# Has anyone resoled/repaired Five Ten shoes?



## kristian (Jan 20, 2004)

I have a pair of Five Tens that are almost 2 seasons old now. The shoes are in good shape still, but the rubber is starting to develop a hole under the ball of my foot where it grinds on the pedal pins. 

Has anyone used either Five Ten Stealth Paint or a resole kit to repair their shoes? I've found mixed reviews of the Stealth paint for climbing shoes, but no mention about mountain bike shoes. Also, there are several resole kits on the Five Ten site, but none of them are specifically for bike shoes so I'm not sure which flavor I would need. A resole kit is about $40 bucks so I'm not sure it would be worth it if a new pair of shoes can be had for ~$100. 

Has anyone tried either a resole or spot repairs on their shoes?


----------



## Full Trucker (Mar 23, 2004)

There's a place in Boulder that allegedly resoles ANY shoe with Steath rubber, as well as 5.10's. I'll try and do some asking around, or you could always post in the COFR forum and someone probably knows the name of the place. I've known a few people to get the old Shimano DX shoes re-soled with Stealth rubber from this place with good success, back before you could get that shoe as non-SPD.
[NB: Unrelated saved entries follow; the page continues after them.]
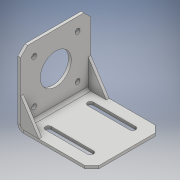
# Autodesk Inventor part: SuporteLMotorNema17
Saved by Autodesk Inventor 2018 (Build 220112000, 112)
## iProperties
Created: 2018-09-20
Part Number: SuporteLMotorNema17
Material: Genérico
Document SubType Name: Chapa de metal
Designer: Georgines
Density: 1 g/cm^3
Sheet Metal Rule: Padrão_mm
Sheet Metal Width: 0,000 mm
Sheet Metal Length: 0,000 mm
Sheet Metal Area: 0,000 mm^2
Appearance: Padrão
Author: Georgines
Autodesk Inventor part; units mm, degrees
ref_plane "YZ Plane" through (0, 0, 0) normal (1, 0, 0) x (0, 1, 0)
ref_plane "XZ Plane" through (0, 0, 0) normal (0, 1, 0) x (-1, 0, 0)
ref_plane "XY Plane" through (0, 0, 0) normal (0, 0, 1) x (1, 0, 0)
sketch "Esboço10" plane through (-2.7381, 25, 4) normal (0, 1, 0) x (1, 0, 0)
  line L0 (47.7381, 2) -> (4, 2)
  line L1 (15, 2) -> (4, 2)
  line L2 (2, 0) -> (2, -18)
  line L3 (2, 0) -> (2, -41.7381)
  line L4 (15, 2) -> (2, -18)
  arc A0 (4, 2) -> (2, 0) centre (4, 0) ccw
  point P0 (2.7381, 4)
  point P1 (2, 2)
  dimension "d59" = 20
  dimension "d60" = 13
  dimension "d61" = 2
  measures "d59" distance of point (2, 2) L2.end
  measures "d60" distance of L1.start point (2, 2)
  measures "d61" radius of A0
sketch "Esboço12" plane through (-2.7381, -25, 4) normal (0, -1, 0) x (1, 0, 0)
  line L0 (2, 18) -> (15, -2)
  line L1 (15, -2) -> (4, -2)
  line L2 (2, 0) -> (2, 41.7381)
  line L3 (2, 0) -> (2, 18)
  line L4 (2, 18) -> (15, -2)
  arc A0 (2, 0) -> (4, -2) centre (4, 0) ccw
  point P0 (2.7381, -4)
  point P1 (2, -2)
  dimension "d64" = 20
  dimension "d65" = 2
  measures "d64" distance of point (2, -2) L3.end
  measures "d65" radius of A0
sketch "Esboço1" plane through (0, 0, 0) normal (0, 0, 1) x (1, 0, 0)
  line L0 (-50, 25) -> (50, 25)
  line L1 (50, 25) -> (50, -25)
  line L2 (50, -25) -> (-50, -25)
  line L3 (-50, -25) -> (-50, 25)
  line L4 (-50, 25) -> (50, -25) construction
  point P0 (0, 0)
  dimension "d0" = 100
  dimension "d1" = 50
  measures "d0" distance of L1.end L2.end
  measures "d1" distance of L0.end L1.end
extrude "Placa1" add sketch "Esboço1" along normal blind 2
chamfer "Chanfro1" distance 5 angle 45 4 edges at (-50, 25, 1) (-50, -25, 1) (50, 25, 1) (50, -25, 1)
sketch "Esboço4" plane through (0, 0, 2) normal (0, 0, 1) x (1, 0, 0)
  line L0 (-45, 25) -> (45, 25) projected
  line L1 (-1, 25) -> (-1, -25)
  line L2 (45, -25) -> (-45, -25) projected
  line L3 (50, 20) -> (50, -20) projected
  point P0 (0, 0)
  dimension "d16" = 51
  constraints: 2 end point, 2 point on line, 1 vertical
  measures "d16" distance between parallel lines of L3 L1
fold "Dobra2" angle 90 bend radius 2 thickness 2 k factor 0.44 line from (-1, 25, 2) to (-1, -25, 2) line at bend centre moving side (-1, 0, 0) folds toward (0, 0, 1)
sketch "Esboço5" plane through (0, 0, 2) normal (0, 0, 1) x (1, 0, 0)
  line L0 (39, 24.4468) -> (39, -25) construction
  line L1 (45, -25) -> (1.2619, -25) construction
  line L2 (50, 20) -> (50, -20) construction
  line L3 (50, 0) -> (1.2619, 0) construction
  line L4 (1.2619, 25) -> (1.2619, -25) construction
  line L5 (50, 15) -> (1.2619, 15) construction
  line L6 (50, -15) -> (1.2619, -15) construction
  line L7 (39, 15) -> (9, 15) construction
  line L8 (39, 17.1) -> (9, 17.1)
  line L9 (9, 12.9) -> (39, 12.9)
  arc A0 (39, 12.9) -> (39, 17.1) centre (39, 15) ccw
  arc A1 (9, 17.1) -> (9, 12.9) centre (9, 15) ccw
  line L10 (39, -15) -> (9, -15) construction
  line L11 (39, -12.9) -> (9, -12.9)
  line L12 (9, -17.1) -> (39, -17.1)
  arc A2 (39, -17.1) -> (39, -12.9) centre (39, -15) ccw
  arc A3 (9, -12.9) -> (9, -17.1) centre (9, -15) ccw
  point P0 (0, 0)
  point P1 (24, 15)
  point P2 (24, -15)
  dimension "d23" = 11
  dimension "d24" = 15
  dimension "d25" = 15
  dimension "d26" = 30
  dimension "d27" = 4.2
  dimension "d28" = 30
  dimension "d29" = 4.2
  constraints: 24 end point, 11 point on line, 8 point on circle, 8 tangent, 4 centre point, 4 midpoint, 2 parallel, 2 perpendicular, 1 vertical
  measures "d23" distance between parallel lines of L2 L0
  measures "d24" distance between parallel lines of L3 L5
  measures "d25" distance between parallel lines of L3 L6
  measures "d26" distance of L7.start L7.end
  measures "d27" diameter of A1
  measures "d28" distance of L10.start L10.end
  measures "d29" diameter of A3
extrude "Recortar1" cut sketch "Esboço5" against normal blind 2
sketch "Esboço6" plane through (-2.7381, -20, 50.7381) normal (-1, 0, 0) x (0, 0, 1)
  line L0 (0, 0) -> (0, 40) projected
  line L1 (0, 20) -> (-49, 20) construction
  line L2 (-24.5, -5) -> (-24.5, 45) construction
  circle A0 centre (-24.5, 20) radius 11.05
  point P0 (-50.7381, 20)
  dimension "d32" = 49
  dimension "d33" = 24.5
  dimension "d34" = 22.1
  constraints: 4 end point, 2 midpoint, 1 centre point, 1 horizontal
  measures "d32" distance of L1.start L1.end
  measures "d33" distance between parallel lines of L2 L0
  measures "d34" diameter of A0
extrude "Recortar2" cut sketch "Esboço6" against normal blind 2
sketch "Esboço7" plane through (-2.7381, -20, 50.7381) normal (-1, 0, 0) x (0, 0, 1)
  line L0 (-46.7381, -5) -> (-5, -5) projected
  line L1 (-24.5608, -5) -> (-24.5608, 43.1749) construction
  line L2 (0, 0) -> (0, 40) construction
  line L3 (0, 20) -> (-49, 20) construction
  circle A0 centre (-9.0608, 35.5) radius 1 construction
  circle A1 centre (-9.0608, 4.5) radius 1 construction
  circle A2 centre (-40.0608, 4.5) radius 1 construction
  circle A3 centre (-40.0608, 35.5) radius 1 construction
  point P0 (-50.7381, 20)
  dimension "d23" = 11
  dimension "d37" = 49
  dimension "d38" = 2
  dimension "d39" = 2
  dimension "d40" = 2
  dimension "d41" = 2
  dimension "d42" = 15.5
  dimension "d43" = 15.5
  dimension "d44" = 15.5
  dimension "d45" = 15.5
  dimension "d46" = 15.5
  dimension "d47" = 15.5
  dimension "d48" = 15.5
  dimension "d49" = 15.5
  constraints: 4 centre point, 4 end point, 1 horizontal, 1 midpoint, 1 perpendicular, 1 point on line
  measures "d37" distance of L3.start L3.end
  measures "d38" diameter of A0
  measures "d39" diameter of A1
  measures "d40" diameter of A2
  measures "d41" diameter of A3
  measures "d42" distance from line of A0.centre L3
  measures "d43" distance from line of L1 A0.centre
  measures "d44" distance from line of L3 A1.centre
  measures "d45" distance from line of L1 A1.centre
  measures "d46" distance from line of L1 A2.centre
  measures "d47" distance from line of L1 A3.centre
  measures "d48" distance from line of L3 A3.centre
  measures "d49" distance from line of L3 A2.centre
hole "Furo1" at (-2.7381, 15.5, 41.6773) at (-2.7381, 15.5, 10.6773) at (-2.7381, -15.5, 41.6773) at (-2.7381, -15.5, 10.6773) direction (1, 0, 0) diameter 3.5 end through all
extrude "Placa2" add sketch "Esboço10" against normal blind 2 separate body
extrude "Placa3" add sketch "Esboço12" against normal blind 2 separate body
equation "\"d2\" = Espessura"
equation "\"d17\" = Largura_alívio_de_vergadura"
equation "\"d18\" = Profundidade_alívio_de_vergadura"
equation "\"d19\" = Remanescente_mínimo"
equation "\"d20\" = Raiodetransição"
equation "\"d25\" = d24"
equation "\"d30\" = Espessura"
equation "\"d35\" = Espessura"
equation "\"d44\" = d42"
equation "\"d45\" = d42"
equation "\"d46\" = d43"
equation "\"d47\" = d43"
equation "\"d48\" = d42"
equation "\"d49\" = d42"
equation "\"d55\" = Espessura"
equation "\"d62\" = Espessura"
equation "\"d66\" = Espessura"
equation "\"Raio_vergadura\" = Espessura"
equation "\"Largura_alívio_de_vergadura\" = Espessura"
equation "\"Profundidade_alívio_de_vergadura\" = 0.5 * Espessura"
equation "\"Tamanho_alívio_de_dobra\" = 4 * Espessura"
equation "\"Remanescente_mínimo\" = 2 * Espessura"
equation "\"Raiodetransição\" = Raio_vergadura"
equation "\"Tamanho_de_raio_de_Jacobi\" = Raio_vergadura"
equation "\"TamanhoFolga\" = Espessura"
equation "\"Espessura\" = 2"

I realize that doesn't _really_ address your question of "if it's worth it", but it's another option.


----------



## jasonvelocity (Jul 21, 2006)

I used to resole my 5.10 Anasazi's all the time. Well worth it 

Positive Resoles


> Rubber Choices:
> 5.10 Stealth C4 Thick: 5.5mm, very sticky. Our most popular all-around rubber.
> 5.10 Stealth C4 Thin: 4mm, very sticky, very sensitive, high performance rubber.
> Vibram XSV: Our firmest rubber. Lasts longer. Great for rental shoes.
> ...


The only place I know of in our area is Mountain Chalet, and they send them to Rock and Resole in boulder.


----------



## dariusf (Oct 8, 2012)

It's an old thread but I figured I add to it for other people looking in to doing the same thing. 

I use my five ten's for mountain bike riding on flat pedals with spikes. Specifically the Line King model as I like the added protection for the ankles that the high top gives me. The shoes are great but after about two seasons of light riding the soles are starting to shred. Honestly I thought they would lest longer. 

I called Five Ten and while they do not recommend resoling this particular model of shoe, the kit to use is Stealth C4 Dot Kit. You will need to send down the existing sole a bit first. 

The kit sells for around $35 so its not cheap by any means. Right now blueskycycling has the shoes on sale for $60 so factoring in the work I would have to do and no guarantee it would come out well and not start coming off, I guess getting a new pair of shoes is the way to go.


----------



## Rob-Bob (Jun 11, 2004)

:yikes::yikes::yikes::yikes::yikes::yikes:


dariusf said:


> It's an old thread but I figured I add to it for other people looking in to doing the same thing.
> 
> I use my five ten's for mountain bike riding on flat pedals with spikes. Specifically the Line King model as I like the added protection for the ankles that the high top gives me. The shoes are great but after about two seasons of light riding the soles are starting to shred. Honestly I thought they would lest longer.
> 
> ...


I am surprised you only got 2 years of light riding out of your five tens.
I got over 4 years out of my first pair of impacts and I ride at least 2 days a week. 
What pedals are you using ?


----------



## dariusf (Oct 8, 2012)

Rob-Bob said:


> :yikes::yikes::yikes::yikes::yikes::yikes:
> 
> I am surprised you only got 2 years of light riding out of your five tens.
> I got over 4 years out of my first pair of impacts and I ride at least 2 days a week.
> What pedals are you using ?


Yes, thats very short amount of time  I try to ride twice a week but due to the weather there are weeks when its only once or none. Usual ride is 2-3 hours. I think thats very light use... Pedals are Da Bomb Bare Bones Flat Pedals


----------